Learn to optimize Splunk data ingestion by using the Splunk S2S Source connector to offload data that would normally be sent to a Splunk HTTP Event Collector (HEC). The stream processing application filters for “deny” events, removes unnecessary fields to reduce message size, and sends the new, targeted set of events to Splunk for cost-effective indexing.

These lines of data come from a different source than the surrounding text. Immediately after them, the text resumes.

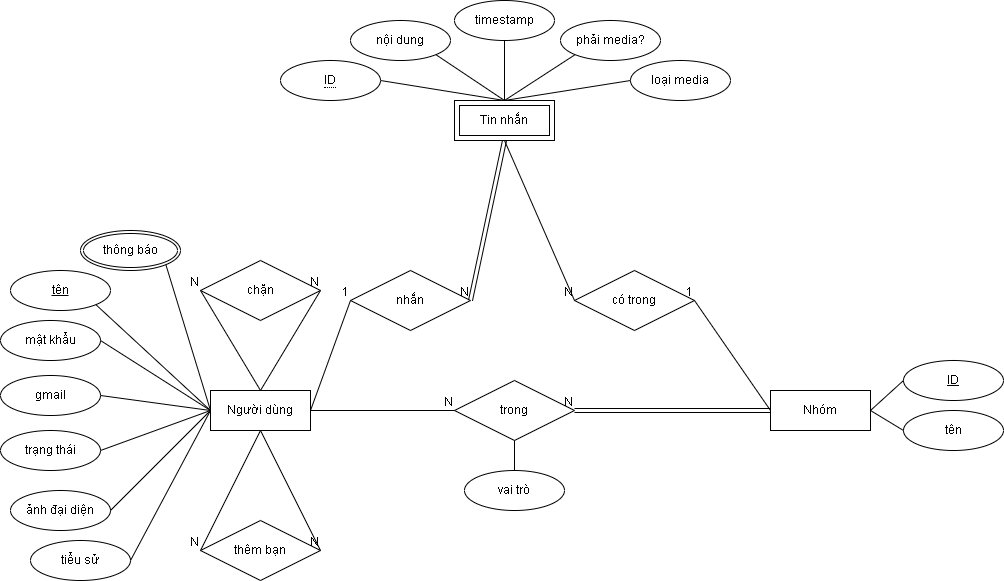

The diagram above was exported from draw.io. Its source (the exported page's mxGraphModel, read from the mxfile embedded in the PNG):
<mxGraphModel dx="2060" dy="575" grid="1" gridSize="10" guides="1" tooltips="1" connect="1" arrows="1" fold="1" page="1" pageScale="1" pageWidth="827" pageHeight="1169" math="0" shadow="0">
  <root>
    <mxCell id="0" />
    <mxCell id="1" parent="0" />
    <mxCell id="2vxre6TzQCK0-Ey06dI--1" parent="1" style="whiteSpace=wrap;html=1;align=center;" value="Nhóm" vertex="1">
      <mxGeometry height="40" width="100" x="730" y="600" as="geometry" />
    </mxCell>
    <mxCell id="2vxre6TzQCK0-Ey06dI--3" parent="1" style="whiteSpace=wrap;html=1;align=center;" value="Người dùng" vertex="1">
      <mxGeometry height="40" width="100" x="170" y="600" as="geometry" />
    </mxCell>
    <mxCell id="2vxre6TzQCK0-Ey06dI--4" parent="1" style="ellipse;whiteSpace=wrap;html=1;align=center;" value="nội dung" vertex="1">
      <mxGeometry height="40" width="100" x="310" y="230" as="geometry" />
    </mxCell>
    <mxCell id="2vxre6TzQCK0-Ey06dI--6" parent="1" style="ellipse;whiteSpace=wrap;html=1;align=center;" value="timestamp" vertex="1">
      <mxGeometry height="40" width="100" x="414" y="210" as="geometry" />
    </mxCell>
    <mxCell id="2vxre6TzQCK0-Ey06dI--7" parent="1" style="ellipse;whiteSpace=wrap;html=1;align=center;" value="loại media" vertex="1">
      <mxGeometry height="40" width="100" x="590" y="270" as="geometry" />
    </mxCell>
    <mxCell id="2vxre6TzQCK0-Ey06dI--9" parent="1" style="ellipse;whiteSpace=wrap;html=1;align=center;" value="phải media?" vertex="1">
      <mxGeometry height="40" width="100" x="520" y="230" as="geometry" />
    </mxCell>
    <mxCell id="2vxre6TzQCK0-Ey06dI--11" edge="1" parent="1" source="2vxre6TzQCK0-Ey06dI--74" style="endArrow=none;html=1;rounded=0;entryX=0.5;entryY=0;entryDx=0;entryDy=0;exitX=1;exitY=0.5;exitDx=0;exitDy=0;" target="2vxre6TzQCK0-Ey06dI--73" value="">
      <mxGeometry relative="1" as="geometry">
        <mxPoint x="315.35533905932743" y="294.14213562373095" as="sourcePoint" />
        <mxPoint x="464" y="310" as="targetPoint" />
      </mxGeometry>
    </mxCell>
    <mxCell id="2vxre6TzQCK0-Ey06dI--12" edge="1" parent="1" source="2vxre6TzQCK0-Ey06dI--4" style="endArrow=none;html=1;rounded=0;entryX=0.5;entryY=0;entryDx=0;entryDy=0;exitX=1;exitY=1;exitDx=0;exitDy=0;" target="2vxre6TzQCK0-Ey06dI--73" value="">
      <mxGeometry relative="1" as="geometry">
        <mxPoint x="360" y="290" as="sourcePoint" />
        <mxPoint x="464" y="310" as="targetPoint" />
      </mxGeometry>
    </mxCell>
    <mxCell id="2vxre6TzQCK0-Ey06dI--14" edge="1" parent="1" source="2vxre6TzQCK0-Ey06dI--6" style="endArrow=none;html=1;rounded=0;entryX=0.5;entryY=0;entryDx=0;entryDy=0;exitX=0.5;exitY=1;exitDx=0;exitDy=0;" target="2vxre6TzQCK0-Ey06dI--73" value="">
      <mxGeometry relative="1" as="geometry">
        <mxPoint x="460" y="300" as="sourcePoint" />
        <mxPoint x="464" y="310" as="targetPoint" />
      </mxGeometry>
    </mxCell>
    <mxCell id="2vxre6TzQCK0-Ey06dI--15" edge="1" parent="1" source="2vxre6TzQCK0-Ey06dI--9" style="endArrow=none;html=1;rounded=0;entryX=0.5;entryY=0;entryDx=0;entryDy=0;exitX=0;exitY=1;exitDx=0;exitDy=0;" target="2vxre6TzQCK0-Ey06dI--73" value="">
      <mxGeometry relative="1" as="geometry">
        <mxPoint x="490" y="290" as="sourcePoint" />
        <mxPoint x="464" y="310" as="targetPoint" />
      </mxGeometry>
    </mxCell>
    <mxCell id="2vxre6TzQCK0-Ey06dI--16" edge="1" parent="1" source="2vxre6TzQCK0-Ey06dI--7" style="endArrow=none;html=1;rounded=0;entryX=0.5;entryY=0;entryDx=0;entryDy=0;exitX=0;exitY=0.5;exitDx=0;exitDy=0;" target="2vxre6TzQCK0-Ey06dI--73" value="">
      <mxGeometry relative="1" as="geometry">
        <mxPoint x="581" y="280" as="sourcePoint" />
        <mxPoint x="464" y="310" as="targetPoint" />
      </mxGeometry>
    </mxCell>
    <mxCell id="2vxre6TzQCK0-Ey06dI--18" parent="1" style="ellipse;whiteSpace=wrap;html=1;align=center;" value="&lt;u&gt;tên&lt;/u&gt;" vertex="1">
      <mxGeometry height="40" width="100" x="-30" y="480" as="geometry" />
    </mxCell>
    <mxCell id="2vxre6TzQCK0-Ey06dI--19" parent="1" style="ellipse;whiteSpace=wrap;html=1;align=center;" value="mật khẩu" vertex="1">
      <mxGeometry height="40" width="100" x="-40" y="530" as="geometry" />
    </mxCell>
    <mxCell id="2vxre6TzQCK0-Ey06dI--20" parent="1" style="ellipse;whiteSpace=wrap;html=1;align=center;" value="gmail" vertex="1">
      <mxGeometry height="40" width="100" x="-40" y="585" as="geometry" />
    </mxCell>
    <mxCell id="2vxre6TzQCK0-Ey06dI--21" parent="1" style="ellipse;whiteSpace=wrap;html=1;align=center;" value="trạng thái" vertex="1">
      <mxGeometry height="40" width="100" x="-40" y="640" as="geometry" />
    </mxCell>
    <mxCell id="2vxre6TzQCK0-Ey06dI--22" parent="1" style="ellipse;whiteSpace=wrap;html=1;align=center;" value="ảnh đại diện" vertex="1">
      <mxGeometry height="40" width="100" x="-30" y="700" as="geometry" />
    </mxCell>
    <mxCell id="2vxre6TzQCK0-Ey06dI--23" parent="1" style="ellipse;whiteSpace=wrap;html=1;align=center;" value="tiểu sử" vertex="1">
      <mxGeometry height="40" width="100" x="-10" y="750" as="geometry" />
    </mxCell>
    <mxCell id="2vxre6TzQCK0-Ey06dI--26" parent="1" style="ellipse;shape=doubleEllipse;margin=3;whiteSpace=wrap;html=1;align=center;" value="thông báo" vertex="1">
      <mxGeometry height="40" width="100" x="40" y="440" as="geometry" />
    </mxCell>
    <mxCell id="2vxre6TzQCK0-Ey06dI--27" edge="1" parent="1" source="2vxre6TzQCK0-Ey06dI--26" style="endArrow=none;html=1;rounded=0;entryX=0;entryY=0.5;entryDx=0;entryDy=0;exitX=1;exitY=1;exitDx=0;exitDy=0;" target="2vxre6TzQCK0-Ey06dI--3" value="">
      <mxGeometry relative="1" as="geometry">
        <mxPoint x="146" y="500" as="sourcePoint" />
        <mxPoint x="250" y="520" as="targetPoint" />
      </mxGeometry>
    </mxCell>
    <mxCell id="2vxre6TzQCK0-Ey06dI--29" edge="1" parent="1" source="2vxre6TzQCK0-Ey06dI--18" style="endArrow=none;html=1;rounded=0;entryX=0;entryY=0.5;entryDx=0;entryDy=0;exitX=1;exitY=1;exitDx=0;exitDy=0;" target="2vxre6TzQCK0-Ey06dI--3" value="">
      <mxGeometry relative="1" as="geometry">
        <mxPoint x="160" y="620" as="sourcePoint" />
        <mxPoint x="255" y="726" as="targetPoint" />
      </mxGeometry>
    </mxCell>
    <mxCell id="2vxre6TzQCK0-Ey06dI--30" edge="1" parent="1" source="2vxre6TzQCK0-Ey06dI--19" style="endArrow=none;html=1;rounded=0;entryX=0;entryY=0.5;entryDx=0;entryDy=0;exitX=1;exitY=0.5;exitDx=0;exitDy=0;" target="2vxre6TzQCK0-Ey06dI--3" value="">
      <mxGeometry relative="1" as="geometry">
        <mxPoint x="150" y="610" as="sourcePoint" />
        <mxPoint x="275" y="676" as="targetPoint" />
      </mxGeometry>
    </mxCell>
    <mxCell id="2vxre6TzQCK0-Ey06dI--31" edge="1" parent="1" source="2vxre6TzQCK0-Ey06dI--20" style="endArrow=none;html=1;rounded=0;entryX=0;entryY=0.5;entryDx=0;entryDy=0;exitX=1;exitY=0.5;exitDx=0;exitDy=0;" target="2vxre6TzQCK0-Ey06dI--3" value="">
      <mxGeometry relative="1" as="geometry">
        <mxPoint x="50" y="630" as="sourcePoint" />
        <mxPoint x="180" y="660" as="targetPoint" />
      </mxGeometry>
    </mxCell>
    <mxCell id="2vxre6TzQCK0-Ey06dI--32" edge="1" parent="1" source="2vxre6TzQCK0-Ey06dI--21" style="endArrow=none;html=1;rounded=0;entryX=0;entryY=0.5;entryDx=0;entryDy=0;exitX=1;exitY=0.5;exitDx=0;exitDy=0;" target="2vxre6TzQCK0-Ey06dI--3" value="">
      <mxGeometry relative="1" as="geometry">
        <mxPoint x="70" y="680" as="sourcePoint" />
        <mxPoint x="200" y="660" as="targetPoint" />
      </mxGeometry>
    </mxCell>
    <mxCell id="2vxre6TzQCK0-Ey06dI--33" edge="1" parent="1" source="2vxre6TzQCK0-Ey06dI--22" style="endArrow=none;html=1;rounded=0;entryX=0;entryY=0.5;entryDx=0;entryDy=0;exitX=1;exitY=0.5;exitDx=0;exitDy=0;" target="2vxre6TzQCK0-Ey06dI--3" value="">
      <mxGeometry relative="1" as="geometry">
        <mxPoint x="120" y="765" as="sourcePoint" />
        <mxPoint x="240" y="690" as="targetPoint" />
      </mxGeometry>
    </mxCell>
    <mxCell id="2vxre6TzQCK0-Ey06dI--34" edge="1" parent="1" source="2vxre6TzQCK0-Ey06dI--23" style="endArrow=none;html=1;rounded=0;entryX=0;entryY=0.5;entryDx=0;entryDy=0;exitX=1;exitY=0.5;exitDx=0;exitDy=0;" target="2vxre6TzQCK0-Ey06dI--3" value="">
      <mxGeometry relative="1" as="geometry">
        <mxPoint x="110" y="880" as="sourcePoint" />
        <mxPoint x="220" y="750" as="targetPoint" />
      </mxGeometry>
    </mxCell>
    <mxCell id="2vxre6TzQCK0-Ey06dI--36" parent="1" style="ellipse;whiteSpace=wrap;html=1;align=center;fontStyle=4;" value="ID" vertex="1">
      <mxGeometry height="40" width="100" x="863" y="570" as="geometry" />
    </mxCell>
    <mxCell id="2vxre6TzQCK0-Ey06dI--39" parent="1" style="ellipse;whiteSpace=wrap;html=1;align=center;" value="tên" vertex="1">
      <mxGeometry height="40" width="100" x="863" y="620" as="geometry" />
    </mxCell>
    <mxCell id="2vxre6TzQCK0-Ey06dI--41" edge="1" parent="1" source="2vxre6TzQCK0-Ey06dI--36" style="endArrow=none;html=1;rounded=0;entryX=1;entryY=0.5;entryDx=0;entryDy=0;exitX=0;exitY=0.5;exitDx=0;exitDy=0;" target="2vxre6TzQCK0-Ey06dI--1" value="">
      <mxGeometry relative="1" as="geometry">
        <mxPoint x="689" y="420" as="sourcePoint" />
        <mxPoint x="563" y="440" as="targetPoint" />
      </mxGeometry>
    </mxCell>
    <mxCell id="2vxre6TzQCK0-Ey06dI--42" edge="1" parent="1" source="2vxre6TzQCK0-Ey06dI--39" style="endArrow=none;html=1;rounded=0;entryX=1;entryY=0.5;entryDx=0;entryDy=0;exitX=0;exitY=0.5;exitDx=0;exitDy=0;" target="2vxre6TzQCK0-Ey06dI--1" value="">
      <mxGeometry relative="1" as="geometry">
        <mxPoint x="896" y="640" as="sourcePoint" />
        <mxPoint x="853" y="700" as="targetPoint" />
      </mxGeometry>
    </mxCell>
    <mxCell id="2vxre6TzQCK0-Ey06dI--44" parent="1" style="shape=rhombus;perimeter=rhombusPerimeter;whiteSpace=wrap;html=1;align=center;" value="thêm bạn" vertex="1">
      <mxGeometry height="60" width="120" x="160" y="730" as="geometry" />
    </mxCell>
    <mxCell id="2vxre6TzQCK0-Ey06dI--45" parent="1" style="shape=rhombus;perimeter=rhombusPerimeter;whiteSpace=wrap;html=1;align=center;" value="chặn" vertex="1">
      <mxGeometry height="60" width="120" x="160" y="470" as="geometry" />
    </mxCell>
    <mxCell id="2vxre6TzQCK0-Ey06dI--46" parent="1" style="shape=rhombus;perimeter=rhombusPerimeter;whiteSpace=wrap;html=1;align=center;" value="trong" vertex="1">
      <mxGeometry height="60" width="120" x="414" y="590" as="geometry" />
    </mxCell>
    <mxCell id="2vxre6TzQCK0-Ey06dI--47" edge="1" parent="1" source="2vxre6TzQCK0-Ey06dI--3" style="endArrow=none;html=1;rounded=0;exitX=1;exitY=0.5;exitDx=0;exitDy=0;entryX=0;entryY=0.5;entryDx=0;entryDy=0;" target="2vxre6TzQCK0-Ey06dI--46" value="">
      <mxGeometry relative="1" as="geometry">
        <mxPoint x="390" y="570" as="sourcePoint" />
        <mxPoint x="550" y="570" as="targetPoint" />
      </mxGeometry>
    </mxCell>
    <mxCell id="2vxre6TzQCK0-Ey06dI--48" connectable="0" parent="2vxre6TzQCK0-Ey06dI--47" style="resizable=0;html=1;whiteSpace=wrap;align=right;verticalAlign=bottom;" value="N" vertex="1">
      <mxGeometry relative="1" x="1" as="geometry" />
    </mxCell>
    <mxCell id="2vxre6TzQCK0-Ey06dI--53" edge="1" parent="1" source="2vxre6TzQCK0-Ey06dI--3" style="endArrow=none;html=1;rounded=0;entryX=1;entryY=0.5;entryDx=0;entryDy=0;exitX=0.5;exitY=0;exitDx=0;exitDy=0;" target="2vxre6TzQCK0-Ey06dI--45" value="">
      <mxGeometry relative="1" as="geometry">
        <mxPoint x="280" y="570" as="sourcePoint" />
        <mxPoint x="440" y="570" as="targetPoint" />
      </mxGeometry>
    </mxCell>
    <mxCell id="2vxre6TzQCK0-Ey06dI--54" connectable="0" parent="2vxre6TzQCK0-Ey06dI--53" style="resizable=0;html=1;whiteSpace=wrap;align=right;verticalAlign=bottom;" value="N" vertex="1">
      <mxGeometry relative="1" x="1" as="geometry" />
    </mxCell>
    <mxCell id="2vxre6TzQCK0-Ey06dI--55" edge="1" parent="1" source="2vxre6TzQCK0-Ey06dI--3" style="endArrow=none;html=1;rounded=0;entryX=0;entryY=0.5;entryDx=0;entryDy=0;exitX=0.5;exitY=0;exitDx=0;exitDy=0;" target="2vxre6TzQCK0-Ey06dI--45" value="">
      <mxGeometry relative="1" as="geometry">
        <mxPoint x="260" y="650" as="sourcePoint" />
        <mxPoint x="320" y="510" as="targetPoint" />
      </mxGeometry>
    </mxCell>
    <mxCell id="2vxre6TzQCK0-Ey06dI--56" connectable="0" parent="2vxre6TzQCK0-Ey06dI--55" style="resizable=0;html=1;whiteSpace=wrap;align=right;verticalAlign=bottom;" value="N" vertex="1">
      <mxGeometry relative="1" x="1" as="geometry" />
    </mxCell>
    <mxCell id="2vxre6TzQCK0-Ey06dI--57" edge="1" parent="1" source="2vxre6TzQCK0-Ey06dI--3" style="endArrow=none;html=1;rounded=0;entryX=0;entryY=0.5;entryDx=0;entryDy=0;exitX=0.5;exitY=1;exitDx=0;exitDy=0;" target="2vxre6TzQCK0-Ey06dI--44" value="">
      <mxGeometry relative="1" as="geometry">
        <mxPoint x="250" y="660" as="sourcePoint" />
        <mxPoint x="190" y="520" as="targetPoint" />
      </mxGeometry>
    </mxCell>
    <mxCell id="2vxre6TzQCK0-Ey06dI--58" connectable="0" parent="2vxre6TzQCK0-Ey06dI--57" style="resizable=0;html=1;whiteSpace=wrap;align=right;verticalAlign=bottom;" value="N" vertex="1">
      <mxGeometry relative="1" x="1" as="geometry" />
    </mxCell>
    <mxCell id="2vxre6TzQCK0-Ey06dI--59" edge="1" parent="1" source="2vxre6TzQCK0-Ey06dI--3" style="endArrow=none;html=1;rounded=0;entryX=1;entryY=0.5;entryDx=0;entryDy=0;exitX=0.5;exitY=1;exitDx=0;exitDy=0;" target="2vxre6TzQCK0-Ey06dI--44" value="">
      <mxGeometry relative="1" as="geometry">
        <mxPoint x="300" y="690" as="sourcePoint" />
        <mxPoint x="240" y="910" as="targetPoint" />
      </mxGeometry>
    </mxCell>
    <mxCell id="2vxre6TzQCK0-Ey06dI--60" connectable="0" parent="2vxre6TzQCK0-Ey06dI--59" style="resizable=0;html=1;whiteSpace=wrap;align=right;verticalAlign=bottom;" value="N" vertex="1">
      <mxGeometry relative="1" x="1" as="geometry" />
    </mxCell>
    <mxCell id="2vxre6TzQCK0-Ey06dI--64" edge="1" parent="1" source="2vxre6TzQCK0-Ey06dI--1" style="shape=link;html=1;rounded=0;entryX=1;entryY=0.5;entryDx=0;entryDy=0;exitX=0;exitY=0.5;exitDx=0;exitDy=0;" target="2vxre6TzQCK0-Ey06dI--46" value="">
      <mxGeometry relative="1" as="geometry">
        <mxPoint x="470" y="700" as="sourcePoint" />
        <mxPoint x="630" y="700" as="targetPoint" />
      </mxGeometry>
    </mxCell>
    <mxCell id="2vxre6TzQCK0-Ey06dI--65" connectable="0" parent="2vxre6TzQCK0-Ey06dI--64" style="resizable=0;html=1;whiteSpace=wrap;align=right;verticalAlign=bottom;" value="N" vertex="1">
      <mxGeometry relative="1" x="1" as="geometry" />
    </mxCell>
    <mxCell id="2vxre6TzQCK0-Ey06dI--66" parent="1" style="shape=rhombus;perimeter=rhombusPerimeter;whiteSpace=wrap;html=1;align=center;" value="nhắn" vertex="1">
      <mxGeometry height="60" width="120" x="310" y="480" as="geometry" />
    </mxCell>
    <mxCell id="2vxre6TzQCK0-Ey06dI--68" edge="1" parent="1" source="2vxre6TzQCK0-Ey06dI--3" style="endArrow=none;html=1;rounded=0;entryX=0;entryY=0.5;entryDx=0;entryDy=0;exitX=1;exitY=0.5;exitDx=0;exitDy=0;" target="2vxre6TzQCK0-Ey06dI--66" value="">
      <mxGeometry relative="1" as="geometry">
        <mxPoint x="430" y="660" as="sourcePoint" />
        <mxPoint x="590" y="660" as="targetPoint" />
      </mxGeometry>
    </mxCell>
    <mxCell id="2vxre6TzQCK0-Ey06dI--69" connectable="0" parent="2vxre6TzQCK0-Ey06dI--68" style="resizable=0;html=1;whiteSpace=wrap;align=right;verticalAlign=bottom;" value="1" vertex="1">
      <mxGeometry relative="1" x="1" as="geometry" />
    </mxCell>
    <mxCell id="2vxre6TzQCK0-Ey06dI--70" edge="1" parent="1" source="2vxre6TzQCK0-Ey06dI--73" style="shape=link;html=1;rounded=0;entryX=1;entryY=0.5;entryDx=0;entryDy=0;exitX=0.5;exitY=1;exitDx=0;exitDy=0;" target="2vxre6TzQCK0-Ey06dI--66" value="">
      <mxGeometry relative="1" as="geometry">
        <mxPoint x="464" y="350" as="sourcePoint" />
        <mxPoint x="590" y="660" as="targetPoint" />
      </mxGeometry>
    </mxCell>
    <mxCell id="2vxre6TzQCK0-Ey06dI--71" connectable="0" parent="2vxre6TzQCK0-Ey06dI--70" style="resizable=0;html=1;whiteSpace=wrap;align=right;verticalAlign=bottom;" value="N" vertex="1">
      <mxGeometry relative="1" x="1" as="geometry" />
    </mxCell>
    <mxCell id="2vxre6TzQCK0-Ey06dI--72" parent="1" style="shape=rhombus;perimeter=rhombusPerimeter;whiteSpace=wrap;html=1;align=center;" value="có trong" vertex="1">
      <mxGeometry height="60" width="120" x="534" y="480" as="geometry" />
    </mxCell>
    <mxCell id="2vxre6TzQCK0-Ey06dI--73" parent="1" style="shape=ext;margin=3;double=1;whiteSpace=wrap;html=1;align=center;" value="Tin nhắn" vertex="1">
      <mxGeometry height="40" width="100" x="414" y="310" as="geometry" />
    </mxCell>
    <mxCell id="2vxre6TzQCK0-Ey06dI--74" parent="1" style="ellipse;whiteSpace=wrap;html=1;align=center;" value="&lt;span style=&quot;border-bottom: 1px dotted&quot;&gt;ID&lt;/span&gt;" vertex="1">
      <mxGeometry height="40" width="100" x="240" y="270" as="geometry" />
    </mxCell>
    <mxCell id="2vxre6TzQCK0-Ey06dI--75" edge="1" parent="1" source="2vxre6TzQCK0-Ey06dI--73" style="endArrow=none;html=1;rounded=0;entryX=0;entryY=0.5;entryDx=0;entryDy=0;exitX=0.5;exitY=1;exitDx=0;exitDy=0;" target="2vxre6TzQCK0-Ey06dI--72" value="">
      <mxGeometry relative="1" as="geometry">
        <mxPoint x="570" y="550" as="sourcePoint" />
        <mxPoint x="730" y="550" as="targetPoint" />
      </mxGeometry>
    </mxCell>
    <mxCell id="2vxre6TzQCK0-Ey06dI--76" connectable="0" parent="2vxre6TzQCK0-Ey06dI--75" style="resizable=0;html=1;whiteSpace=wrap;align=right;verticalAlign=bottom;" value="N" vertex="1">
      <mxGeometry relative="1" x="1" as="geometry" />
    </mxCell>
    <mxCell id="2vxre6TzQCK0-Ey06dI--77" edge="1" parent="1" source="2vxre6TzQCK0-Ey06dI--1" style="endArrow=none;html=1;rounded=0;entryX=1;entryY=0.5;entryDx=0;entryDy=0;exitX=0;exitY=0.5;exitDx=0;exitDy=0;" target="2vxre6TzQCK0-Ey06dI--72" value="">
      <mxGeometry relative="1" as="geometry">
        <mxPoint x="570" y="550" as="sourcePoint" />
        <mxPoint x="730" y="550" as="targetPoint" />
      </mxGeometry>
    </mxCell>
    <mxCell id="2vxre6TzQCK0-Ey06dI--78" connectable="0" parent="2vxre6TzQCK0-Ey06dI--77" style="resizable=0;html=1;whiteSpace=wrap;align=right;verticalAlign=bottom;" value="1" vertex="1">
      <mxGeometry relative="1" x="1" as="geometry" />
    </mxCell>
    <mxCell id="_TDBcCnVURLQm2xSbhhd-1" parent="1" style="ellipse;whiteSpace=wrap;html=1;align=center;" value="vai trò" vertex="1">
      <mxGeometry height="40" width="100" x="424" y="680" as="geometry" />
    </mxCell>
    <mxCell id="_TDBcCnVURLQm2xSbhhd-2" edge="1" parent="1" source="2vxre6TzQCK0-Ey06dI--46" style="endArrow=none;html=1;rounded=0;entryX=0.5;entryY=0;entryDx=0;entryDy=0;exitX=0.5;exitY=1;exitDx=0;exitDy=0;" target="_TDBcCnVURLQm2xSbhhd-1" value="">
      <mxGeometry relative="1" as="geometry">
        <mxPoint x="300" y="550" as="sourcePoint" />
        <mxPoint x="460" y="550" as="targetPoint" />
      </mxGeometry>
    </mxCell>
  </root>
</mxGraphModel>

You can also extend this solution to intercept data from a variety of SIEM vendors and create a vendor-agnostic solution that leverages multiple tools and analytics solutions.

Run it

Setup your environment

1

Provision a Kafka cluster in Confluent Cloud.

Once your Confluent Cloud cluster is available, create a ksqlDB application and navigate to the ksqlDB editor to execute this tutorial. ksqlDB supports SQL language for extracting, transforming, and loading events within your Kafka cluster.

Read the data in

2

Confluent Cloud offers pre-built, fully managed connectors that make it easy to quickly connect to popular data sources and end systems in the cloud. However, if you want to stream specific events that don’t have an available connector in Confluent Cloud, you can run your own connector and send the data to your Kafka cluster. This tutorial shows how you can run your own connector locally.

If you cannot connect to a real data source with properly formatted data, or if you just want to execute this tutorial without external dependencies, no worries! After you create the ksqlDB application, insert mock data into the streams.

This tutorial shows the source as Cisco Adaptive Security Appliance (ASA) and the Splunk S2S Source connector should be run on the same host as the Splunk UF, but the same logic can be applied to any type of device.

To stream ASA data into a Kafka topic called splunk, create the Dockerfile below to bundle a Kafka Connect worker with the kafka-connect-splunk-s2s connector:

FROM confluentinc/cp-server-connect-base:7.1.0

ENV CONNECT_PLUGIN_PATH="/usr/share/java,/usr/share/confluent-hub-components"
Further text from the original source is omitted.